49. Философ Платон в своем знаменитом «Тимее» с каким-то божественным красноречием создал целый мир. Изложив, помимо остального, чрезвычайно искусно вопрос о трех силах нашего духа, [227]и показав чрезвычайно удачно, зачем создан божественным провидением каждый из наших членов [228]он рассматривает три группы причин всех болезней. [229]Первую из них он соединяет с первоначалами тел (если нарушена гармония между самими свойствами элементов — влажным и холодным и двумя противоположными; а это случается, когда какое-либо из них выходит из своих нормальных пределов или покидает свое место. [230]). Следующая причина болезней коренится в изъянах соединений, складывающихся из простейших элементов, но имеющих свой особый характер. Такова кровь, внутренности, кости, костный мозг и, далее, то, что возникает в результате смещения отдельных из этих соединений [231]Наконец, в-третьих: скопления в теле различных видов желчи, [232]беспокойно двигающегося воздуха [233]и маслянистой влаги [234]служат возбудителями недугов.

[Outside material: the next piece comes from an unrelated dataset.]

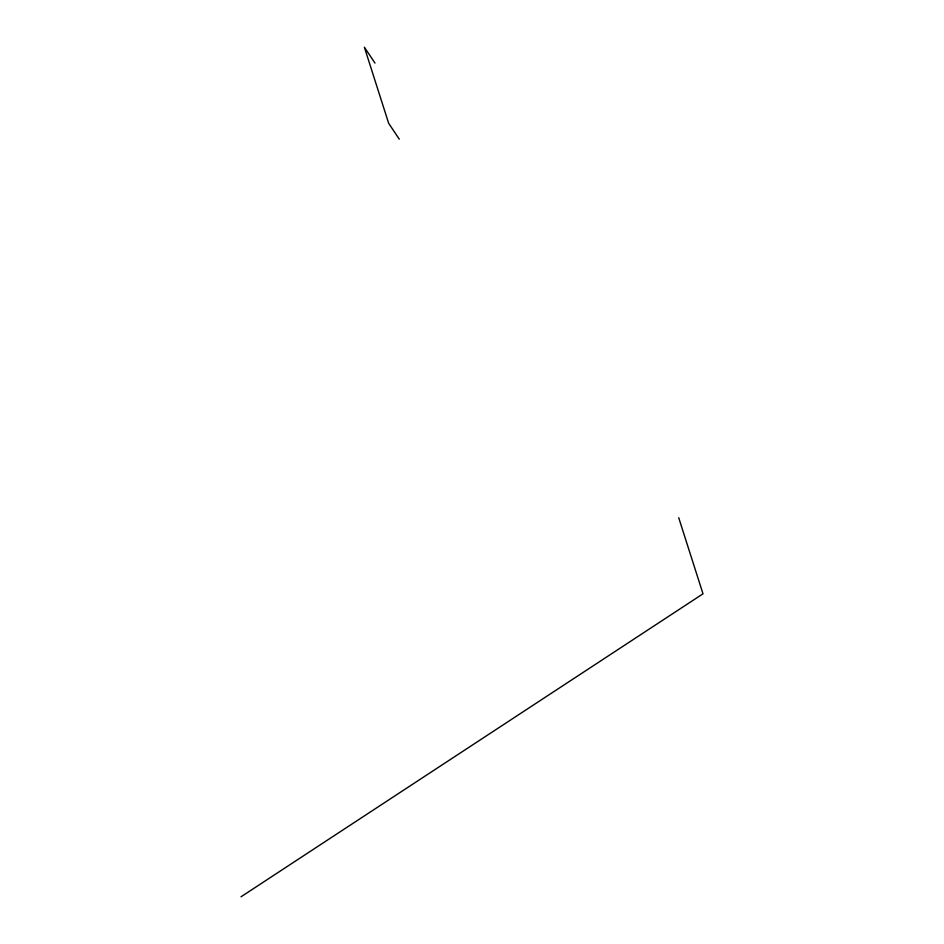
<?xml version="1.0" encoding="UTF-8"?>
<svg xmlns="http://www.w3.org/2000/svg" width="944" height="944" viewBox="0 0 944 944"><rect width="100%" height="100%" fill="white"/><g stroke="black" fill="none" stroke-linecap="round" stroke-linejoin="round"><path stroke-width="1.42" d="M241.003 896.8L702.997 593.811L678.712 517.713M374.992 63.083L364.372 47.2L388.668 123.298L399.277 139.181"/></g></svg>

50. Среди этих возбудителей особое место занимает тот, что лежит в основе комициальной болезни (о ней-то я и начал говорить). Когда, подвергаясь воздействию вредоносного огня, мясо разжижается в плотную пенящуюся жидкость, выделяя пузырьки пара, то под влиянием жара сжатого воздуха начинает течь беловатая вздувающаяся жижа. И если эта жижа прорвется наружу, она разливается, принося больше безобразия, чем вреда: ведь она разукрашивает лишаями поверхность кожи на груди и испещряет ее всевозможными пятнами. Но тот, с кем это приключится, никогда впоследствии не подвергнется комициальной болезни, откупаясь, таким образом, от чрезвычайно тяжелого душевного недуга незначительным телесным уродством. Напротив, если этот гибельный возбудитель, оставшись внутри и смешавшись с черной желчью, пройдет, неистовствуя, по всем жилам, а затем, проделав путь вплоть до макушки головы, смешает свое ужасное течение с мозгом, то немедленно парализует царственную часть души (которая, владея разумом, занимает темя человека, как крепость и царский дворец), закупоривая и приводя в расстройство ее божественные пути и проходы мудрости. Менее гибельным образом действует он во время крепкого сна, когда у людей, обильно нагрузившихся питьем и едой, предвестники комициальной болезни — судороги — проявляются в виде легкого удушья. Но если дело дойдет до того, что этот возбудитель разливается в голове больного, когда он бодрствует, тут уж разум внезапно окутывается облаком и человек падает с коченеющим телом и выходящей вон душой. Мы называем эту болезнь не только великой, [235]и комициальной, но и божественной, подобно грекам, которые именуют ее Священная болезнь [236]очевидно потому, что она действительно поражает именно разумную часть души, которая свята в наивысшей степени.